On the publication date, Rich Asplund had no direct or indirect positions in any securities mentioned in this article. All information and data provided are solely for informational purposes.

Insights:

  • The current production increase by OPEC+ is part of a premeditated, gradual, and adaptable return of previously reduced output levels, addressing favorable market fundamentals (such as low oil inventories) while maintaining market stability, allowing for flexible modifications (Source: OPEC+, April 2025).
  • The rise in production is a strategy aimed to pressure OPEC+ members like Kazakhstan and Iraq who have been overproducing, marking a shift from their earlier strategy of cutting output to support higher prices (Source: OPEC+, April 2025).
  • The short-term impact of OPEC+'s production increase has caused downward pressure on oil prices, with WTI crude dropping more than 3% after the announcement (Source: Bloomberg, May 2025).
  • Lower sustained prices, if below $55, could trigger a contraction in US production supply and significantly tighten the energy supply chain (Source: EIA, April 2025).

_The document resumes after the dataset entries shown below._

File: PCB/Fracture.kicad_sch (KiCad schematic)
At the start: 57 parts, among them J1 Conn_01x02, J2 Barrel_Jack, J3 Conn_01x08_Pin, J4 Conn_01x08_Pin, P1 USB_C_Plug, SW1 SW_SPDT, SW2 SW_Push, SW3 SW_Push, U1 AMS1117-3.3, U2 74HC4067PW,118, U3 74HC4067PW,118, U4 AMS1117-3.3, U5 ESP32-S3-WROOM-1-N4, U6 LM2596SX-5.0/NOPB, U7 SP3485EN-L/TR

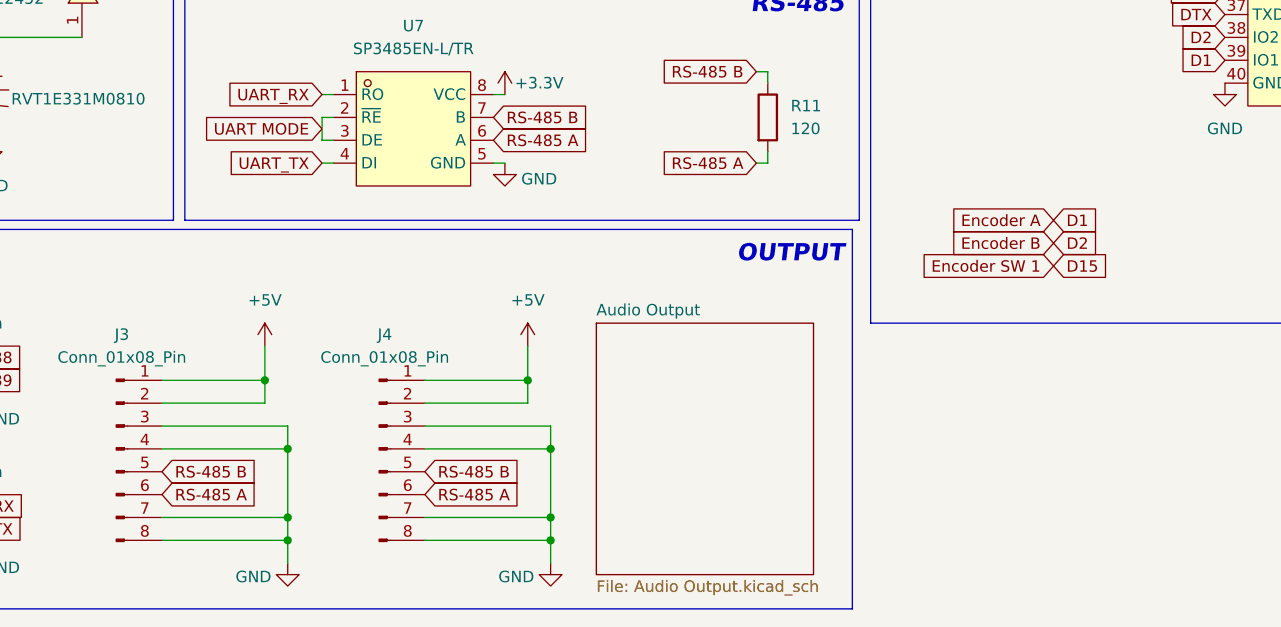
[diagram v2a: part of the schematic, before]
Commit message: Added sensing pins and Schematic Renders
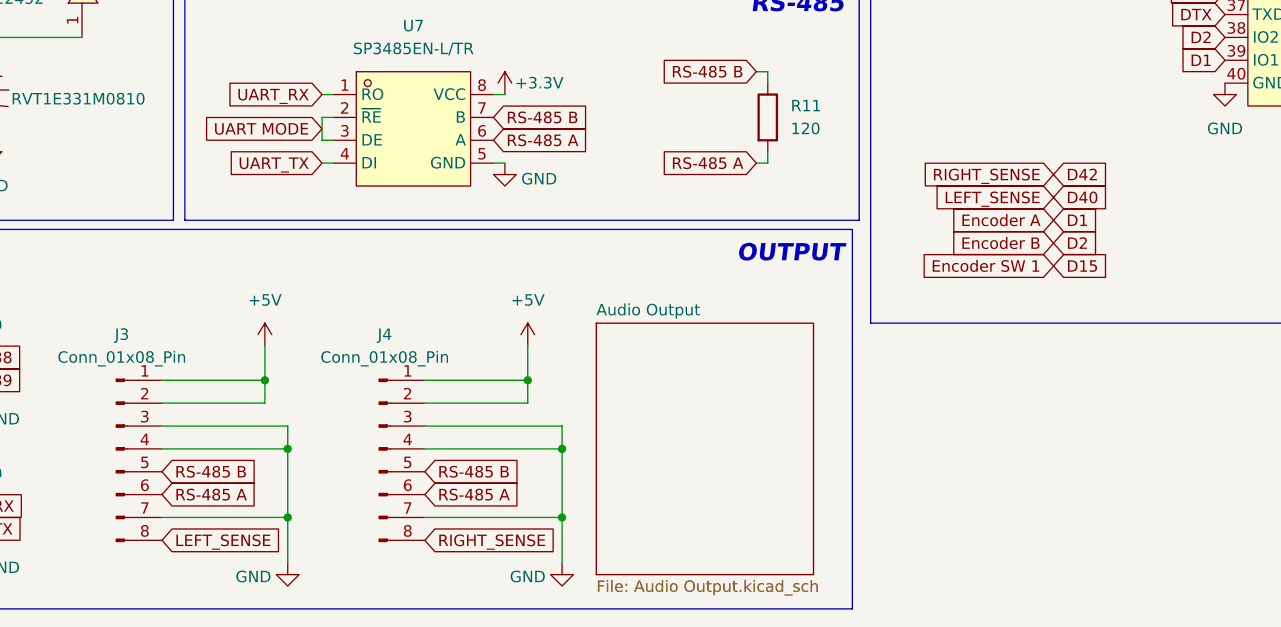
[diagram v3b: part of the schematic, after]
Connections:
- net D40: now also J3.8 (Pin_8)
- net D42: now also J4.8 (Pin_8)
- net GND: no longer J3.8 (Pin_8), J4.8 (Pin_8)
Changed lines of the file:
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@@
 	)
 	(junction
-		(at 142.24 185.42)
+		(at 143.51 185.42)
 		(diameter 0)
 		(color 0 0 0 0)
@@
 	)
 	(junction
-		(at 113.03 187.96)
-		(diameter 0)
-		(color 0 0 0 0)
-	)
-	(junction
 		(at 250.19 31.75)
 		(diameter 0)
@@
 	)
 	(junction
-		(at 142.24 187.96)
-		(diameter 0)
-		(color 0 0 0 0)
-	)
-	(junction
-		(at 142.24 177.8)
+		(at 143.51 177.8)
 		(diameter 0)
 		(color 0 0 0 0)
@@
 	(wire
 		(pts
-			(xy 113.03 190.5) (xy 113.03 187.96)
-		)
-		(stroke
-			(width 0)
-			(type default)
-		)
-	)
-	(wire
-		(pts
 			(xy 85.09 100.33) (xy 83.82 100.33)
 		)
@@
 	(wire
 		(pts
-			(xy 128.27 175.26) (xy 142.24 175.26)
+			(xy 128.27 175.26) (xy 143.51 175.26)
 		)
 		(stroke
@@
 	(wire
 		(pts
-			(xy 142.24 175.26) (xy 142.24 177.8)
+			(xy 143.51 175.26) (xy 143.51 177.8)
 		)
 		(stroke
@@
 	(wire
 		(pts
-			(xy 142.24 190.5) (xy 142.24 187.96)
+			(xy 143.51 185.42) (xy 143.51 190.5)
 		)
 		(stroke
@@
 	(wire
 		(pts
-			(xy 142.24 185.42) (xy 142.24 187.96)
-		)
-		(stroke
-			(width 0)
-			(type default)
-		)
-	)
-	(wire
-		(pts
 			(xy 41.91 144.78) (xy 45.72 144.78)
 		)
@@
 	(wire
 		(pts
-			(xy 113.03 185.42) (xy 113.03 187.96)
+			(xy 113.03 185.42) (xy 113.03 190.5)
 		)
 		(stroke
@@
 	(wire
 		(pts
-			(xy 128.27 185.42) (xy 142.24 185.42)
+			(xy 128.27 185.42) (xy 143.51 185.42)
 		)
 		(stroke
@@
 	(wire
 		(pts
-			(xy 99.06 187.96) (xy 113.03 187.96)
-		)
-		(stroke
-			(width 0)
-			(type default)
-		)
-	)
-	(wire
-		(pts
 			(xy 110.49 46.99) (xy 109.22 46.99)
 		)
@@
 	(wire
 		(pts
-			(xy 142.24 177.8) (xy 128.27 177.8)
+			(xy 143.51 177.8) (xy 128.27 177.8)
 		)
 		(stroke
@@
 	(wire
 		(pts
-			(xy 142.24 185.42) (xy 142.24 177.8)
+			(xy 143.51 185.42) (xy 143.51 177.8)
 		)
 		(stroke
@@
 	(wire
 		(pts
-			(xy 128.27 187.96) (xy 142.24 187.96)
-		)
-		(stroke
-			(width 0)
-			(type default)
-		)
-	)
-	(wire
-		(pts
 			(xy 83.82 62.23) (xy 82.55 62.23)
 		)
@@
 		)
 	)
+	(global_label "D42"
+		(shape input)
+		(at 198.12 147.32 0)
+		(fields_autoplaced yes)
+		(effects
+			(font
+				(size 1.27 1.27)
+			)
+			(justify left)
+		)
+		(property "Intersheetrefs" "${INTERSHEET_REFS}"
+			(at 204.7942 147.32 0)
+			(effects
+				(font
+					(size 1.27 1.27)
+				)
+				(justify left)
+				(hide yes)
+			)
+		)
+	)
 	(global_label "AM1:14"
 		(shape input)
@@
 		)
 	)
+	(global_label "RIGHT_SENSE"
+		(shape input)
+		(at 198.12 147.32 180)
+		(fields_autoplaced yes)
+		(effects
+			(font
+				(size 1.27 1.27)
+			)
+			(justify right)
+		)
+		(property "Intersheetrefs" "${INTERSHEET_REFS}"
+			(at 182.6768 147.32 0)
+			(effects
+				(font
+					(size 1.27 1.27)
+				)
+				(justify right)
+				(hide yes)
+			)
+		)
+	)
 	(global_label "AM1:8"
 		(shape input)
@@
 		)
 	)
+	(global_label "LEFT_SENSE"
+		(shape input)
+		(at 198.12 149.86 180)
+		(fields_autoplaced yes)
+		(effects
+			(font
+				(size 1.27 1.27)
+			)
+			(justify right)
+		)
+		(property "Intersheetrefs" "${INTERSHEET_REFS}"
+			(at 183.8864 149.86 0)
+			(effects
+				(font
+					(size 1.27 1.27)
+				)
+				(justify right)
+				(hide yes)
+			)
+		)
+	)
 	(global_label "D2"
 		(shape input)
@@
 		)
 	)
+	(global_label "D40"
+		(shape input)
+		(at 198.12 149.86 0)
+		(fields_autoplaced yes)
+		(effects
+			(font
+				(size 1.27 1.27)
+			)
+			(justify left)
+		)
+		(property "Intersheetrefs" "${INTERSHEET_REFS}"
+			(at 204.7942 149.86 0)
+			(effects
+				(font
+					(size 1.27 1.27)
+				)
+				(justify left)
+				(hide yes)
+			)
+		)
+	)
 	(global_label "DTX"
 		(shape input)
@@
 		)
 	)
+	(global_label "RIGHT_SENSE"
+		(shape input)
+		(at 128.27 187.96 0)
+		(fields_autoplaced yes)
+		(effects
+			(font
+				(size 1.27 1.27)
+			)
+			(justify left)
+		)
+		(property "Intersheetrefs" "${INTERSHEET_REFS}"
+			(at 143.7132 187.96 0)
+			(effects
+				(font
+					(size 1.27 1.27)
+				)
+				(justify left)
+				(hide yes)
+			)
+		)
+	)
 	(global_label "LED_DATA"
 		(shape input)
@@
 		)
 	)
+	(global_label "LEFT_SENSE"
+		(shape input)
+		(at 99.06 187.96 0)
+		(fields_autoplaced yes)
+		(effects
+			(font
+				(size 1.27 1.27)
+			)
+			(justify left)
+		)
+		(property "Intersheetrefs" "${INTERSHEET_REFS}"
+			(at 113.2936 187.96 0)
+			(effects
+				(font
+					(size 1.27 1.27)
+				)
+				(justify left)
+				(hide yes)
+			)
+		)
+	)
 	(global_label "D37"
 		(shape input)
@@
 	(symbol
 		(lib_id "power:GND")
-		(at 142.24 190.5 0)
+		(at 143.51 190.5 0)
 		(unit 1)
 		(exclude_from_sim no)
@@
 		(dnp no)
 		(property "Reference" "#PWR059"
-			(at 142.24 196.85 0)
+			(at 143.51 196.85 0)
 			(effects
 				(font
@@
 		)
 		(property "Value" "GND"
-			(at 138.43 192.024 0)
+			(at 139.7 192.024 0)
 			(effects
 				(font
@@
 		)
 		(property "Footprint" ""
-			(at 142.24 190.5 0)
+			(at 143.51 190.5 0)
 			(effects
 				(font
@@
 		)
 		(property "Datasheet" ""
-			(at 142.24 190.5 0)
+			(at 143.51 190.5 0)
 			(effects
 				(font
@@
 		)
 		(property "Description" "Power symbol creates a global label with name \"GND\" , ground"
-			(at 142.24 190.5 0)
+			(at 143.51 190.5 0)
 			(effects
 				(font

Adjusting Paragraphs:- Mixed energy market: Paragraph 1 – Introductory information about crude oil and gasoline settlements and their movements.- Causes of dips: Paragraph 2 – Explanation for the concern over a global oil glut, Saudi Arabia's signaled increase, weaker dollar, and US service sector strength.- Rebounding gasoline: Paragraph 3 – Discussion about the fire at Valero Energy's refinery causing short-covering in gasoline futures and modest gains.- OPEC+'s production hike impact: Paragraph 4 – Overview of OPEC+'s planned rollback of production cuts and the intent to maintain stability with flexibility.- Global economic news: Paragraph 5 – Positive economic news that supported crude prices.- Additional sanctions and Iran's nuclear program: Paragraph 6 – Discussion of the potential impact of increased sanctions on Russian crude and the US-Iran nuclear talks.- Crude oil reduction and Chinese demand: Paragraph 7 – Explanation of the reduction in crude oil stored on tankers and stronger crude demand in China.- Domestic factors supporting oil prices: Paragraph 8 – Information on the decline in US crude oil inventories, lower gasoline and distillate inventories, and a moderate drop in US oil rigs, supporting oil prices.

  1. In light of the ongoing market fluctuations, discerning investors may find opportunities in the oil-and-gas sector, as OPEC+'s production hike adversely affects prices in the short term but could potentially foster profitable investments in the finance industry and the energy sector in the long run.
  2. As the industry moves towards a gradual return of previously reduced output levels, savvy investors might consider diversifying their portfolios with investments in the oil-and-gas sector, particularly in companies that specialize in energy efficiency and renewable resources, to hedge against potential market volatility caused by factors such as geopolitical tensions and trade disputes.
Crude oil (CLM25) and gasoline (RBM25) concluded their Monday trade session with a decrease of 1.99% for oil and a 0.14% increase for gasoline. The day ended with oil reaching a three-and-a-half-week low due to worries about an excess in global crude oil supply, which negatively affected oil prices.